UM CIGARRO NO JARDIM
Tita
07.09.12
Pois ontem fui fumar ao jardim num intervalinho que arranjo sempre para estas coisas. Surge-me uma senhora dos seus sessenta e tal muito bem arranjada. Fica a cerca de um metro de mim e pergunta-me sobre o Metro. Eu, não muito certa, respondo que aquela estação também é do Saldanha sim. Ela faz que sim com a cabeça e declara. “Vou-me sentar aqui um bocadinho”. E eu pensei. “Pronto!”.
Sentou-se ao meu lado mas virou-me as costas. E começou a falar para lá. Eu, pela minha parte, ia ponderando em levantar-me de um modo simpático. Ela virou-se para a frente.

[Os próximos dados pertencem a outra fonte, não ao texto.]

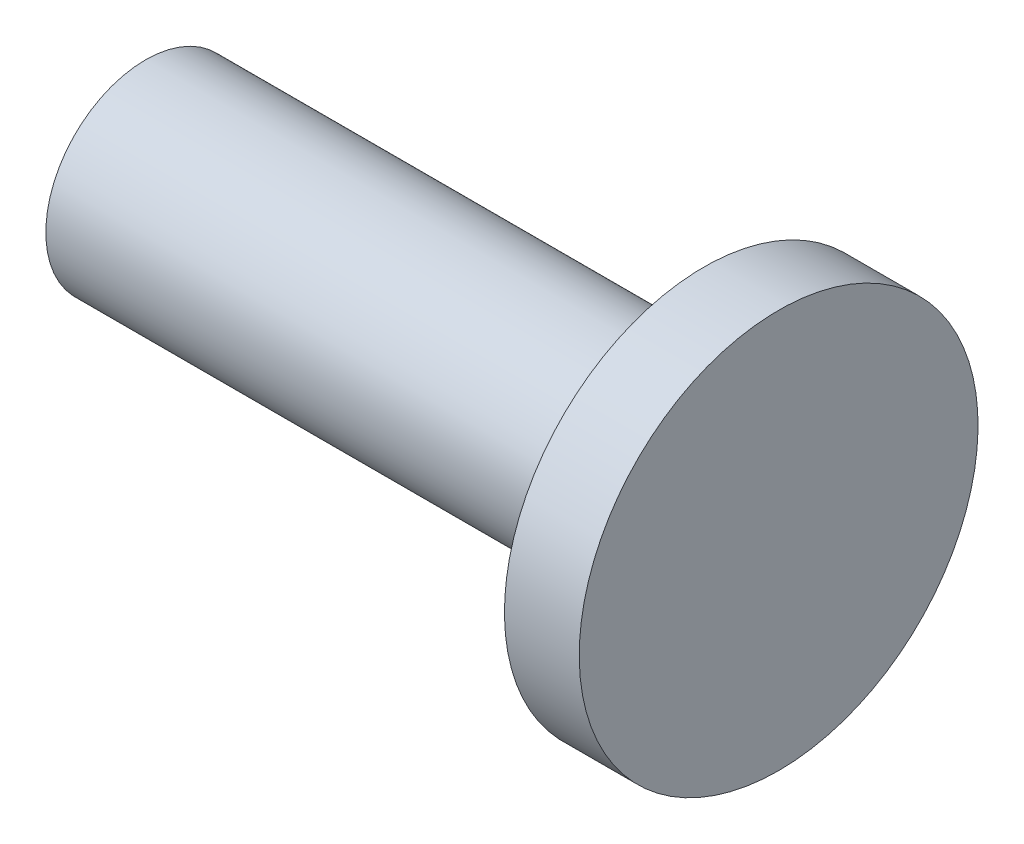
SolidWorks part; units mm, degrees
ref_plane "Front Plane" through (0, 0, 0) normal (0, 0, 1) x (1, 0, 0)
ref_plane "Top Plane" through (0, 0, 0) normal (0, 1, 0) x (1, 0, 0)
ref_plane "Right Plane" through (0, 0, 0) normal (1, 0, 0) x (0, 0, -1)
sketch "Sketch1" plane through (0, 0, 0) normal (0, 0, 1) x (1, 0, 0)
  line L0 (-41.9968, 0) -> (41.9968, 0) construction
  line L1 (0, -32.6256) -> (0, 32.6256) construction
sketch "Sketch2" plane through (0, 0, 0) normal (0, 0, 1) x (1, 0, 0)
  line L0 (-56, 10) -> (0, 10)
  line L1 (0, 10) -> (0, 20)
  line L2 (0, 20) -> (7.5, 20)
  line L3 (7.5, 20) -> (7.5, 0)
  line L4 (7.5, 0) -> (-56, 0)
  line L5 (-56, 0) -> (-56, 10)
  line L6 (0, 10) -> (0, 0) construction
  line L7 (0, -32.6256) -> (0, 32.6256) construction
  line L9 (-72.45, 0) -> (72.45, 0) construction
  dimension "D1" = 56
  dimension "D2" = 7.5
  dimension "D3" = 40
  dimension "D4" = 20
revolve "Revolve1" add sketch "Sketch2" angle 360 about L9
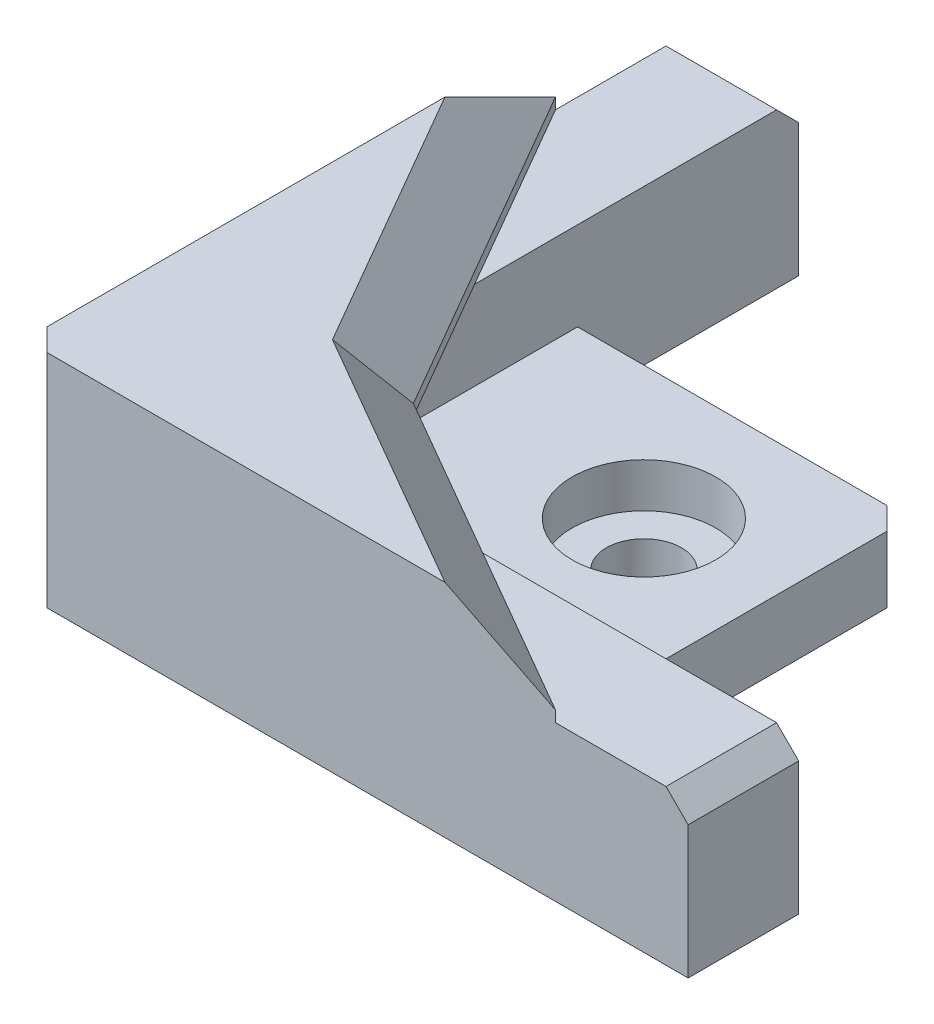
SolidWorks part; units mm, degrees
material "ABS"
ref_plane "Alzado" through (0, 0, 0) normal (0, 0, 1) x (1, 0, 0)
ref_plane "Planta" through (0, 0, 0) normal (0, 1, 0) x (1, 0, 0)
ref_plane "Vista lateral" through (0, 0, 0) normal (1, 0, 0) x (0, 0, -1)
sketch "Sketch1" plane through (0, 0, 0) normal (0, 1, 0) x (1, 0, 0)
  line L0 (0, 15) -> (0, 25)
  line L1 (0, 25) -> (-5, 25)
  line L2 (-5, 25) -> (-5, -5)
  line L3 (-5, -5) -> (25, -5)
  line L4 (25, -5) -> (25, 0)
  line L5 (25, 0) -> (15, 0)
  line L6 (0, 15) -> (15, 15)
  line L7 (15, 15) -> (15, 0)
  dimension "D1" = 20
  dimension "D2" = 30
  dimension "D3" = 5
  dimension "D4" = 5
extrude "Boss-Extrude1" add sketch "Sketch1" along normal blind 3
sketch "Sketch2" plane through (0, 3, 0) normal (0, 1, 0) x (1, 0, 0)
  line L0 (-5, 25) -> (0, 25)
  line L1 (0, 25) -> (0, 0)
  line L2 (0, 0) -> (25, 0)
  line L3 (25, 0) -> (25, -5)
  line L4 (25, -5) -> (-5, -5)
  line L5 (-5, -5) -> (-5, 25)
extrude "Boss-Extrude2" add sketch "Sketch2" along normal blind 4
sketch "Sketch3" plane through (0, 3, 0) normal (0, 1, 0) x (1, 0, 0)
  line L0 (15, 15) -> (0, 15) construction
  line L1 (15, 0) -> (15, 15) construction
  circle A0 centre (9, 9) radius 1.5
  point P0 (9, 9)
  dimension "D3" = 3
  dimension "D1" = 6
  dimension "D2" = 6
hole_wizard "Refrentado para tornillo con cabeza plana de M31" positions "Sketch3" profile "Sketch4" counterbore size "M3" standard "ISO"
sketch "Sketch4" plane through (9, 3, -9) normal (1, 0, 0) x (0, 0, 1)
  line L0 (0, 0) -> (0, 41.0215)
  line L1 (0, 41.0215) -> (1.7, 40)
  line L2 (1.7, 40) -> (1.7, 2)
  line L3 (1.7, 2) -> (3.25, 2)
  line L4 (3.25, 2) -> (3.25, 0)
  line L5 (3.25, 0) -> (0, 0)
  line L10 (0, 41.0215) -> (-1.7, 40) construction
  line L11 (0, -6.35) -> (0, 107.95) construction
  dimension "Diámetro de taladro" = 3.4
  dimension "Profundidad de taladro" = 40
  dimension "Diámetro de refrentado" = 6.5
  dimension "Profundidad de refrentado" = 2
  dimension "Ángulo de perforador" = 118
sketch "Sketch5" plane through (0, 0, 0) normal (0, -1, 0) x (1, 0, 0)
  circle A0 centre (9, -9) radius 3
  circle A1 centre (9, -9) radius 1.7
  dimension "D1" = 6
extrude "Boss-Extrude3" add sketch "Sketch5" along normal blind 2.5
sketch "Sketch6" plane through (0, 7, 0) normal (0, 1, 0) x (1, 0, 0)
  line L0 (-5, -5) -> (-5, 19)
  line L1 (-5, 25) -> (-5, -5) construction
  line L2 (-5, 19) -> (3.7882, 3.7882)
  line L3 (3.7882, 3.7882) -> (19, -5)
  line L4 (-5, -5) -> (25, -5) construction
  line L5 (19, -5) -> (-5, -5)
  line L6 (0, 0) -> (-35355.3391, -35355.3391) construction
  dimension "D1" = 24
extrude "Boss-Extrude4" add sketch "Sketch6" along normal blind 3
chamfer "Chamfer1" distance 2.5 angle 45 2 edges at (11.3941, 10, 0.6059) (-0.6059, 10, -11.3941)
chamfer "Chamfer2" distance 1 angle 45 4 edges at (-5, 5, 5) (15, 1.5, -15) (-2.5, 7, -25) (25, 7, 2.5)
fillet "Fillet2" radius 1 1 edges at (9, 0, -6)

Já estava a vociferar. Eram temas políticos. Um tema, melhor dizendo: “Ladrões!”. Franzia a testa. E eu ali presa entre a urgência de me pirar e o fascínio das pérolas dos brincos e do colar. Ponderava se seriam verdadeiras. É que os mil anéis que trazia nos dedos eram puro ouro.
Havia qualquer coisa com o Banco Nacional Ultramarino. E também com as importantes famílias de Goa. Bem me parecia por causa daquele tom de pele. E o mais importante é que a culpa de tudo era do Cavaco. No mais, as pessoas do PPD é que deviam estar no poder.
Parava de falar para ver se eu via como ela. Eu via. E enquanto via ansiava que ela fizesse aquela pausa maior. Aquela pausa de reflexão. Mas não. Eram só paragens para fazer perguntas. Perguntas que exigiam respostas breves. Eu tinha sempre direito a dizer uma palavra ou três no máximo. Havia ali uma grande revolta. Queria fazer notas. Esclareceu-me que estava muito bem preparada para a função. E em forma. Sugeri-lhe que fosse perguntar à Casa da Moeda mas avisei que as entidades públicas não estão a contratar externos. Claro que lhe disse isto em três vezes por causa do número de palavras permitidas.
Entretanto, a filha, que segundo ela era da minha idade, surgiu na conversa. Acho que foi num carro com um senhor muito importante. Mas desencontraram-se todos. Também, a senhora e não a filha, costuma ir aos serviços exigir fotocópias das cartas que para lá escreve, exigindo sempre um carimbo. E eu, eu achava bem que nunca lhe respondessem? Afinal têm medo de quê?
Bem, conclui que tinha chegado a hora de levantar a voz. Preparei-me para ser uma grande antipática. Mas não foi preciso. Bastou-me mesmo falar um bocadinho mais alto e dizer-lhe que tinha mesmo que me ir embora, uma vez que estava a meio do meu dia de trabalho. Ela levantou-se comigo e ao mesmo tempo levantou-me o polegar e sorriu. “Tu até percebes um bocado destas coisas”, informou.
Para dizer a verdade, é a primeira vez que me sucede uma coisa destas. Dar com uma doida varrida e não perceber nada, mas mesmo nada, do que me disse. E isto baralha-me.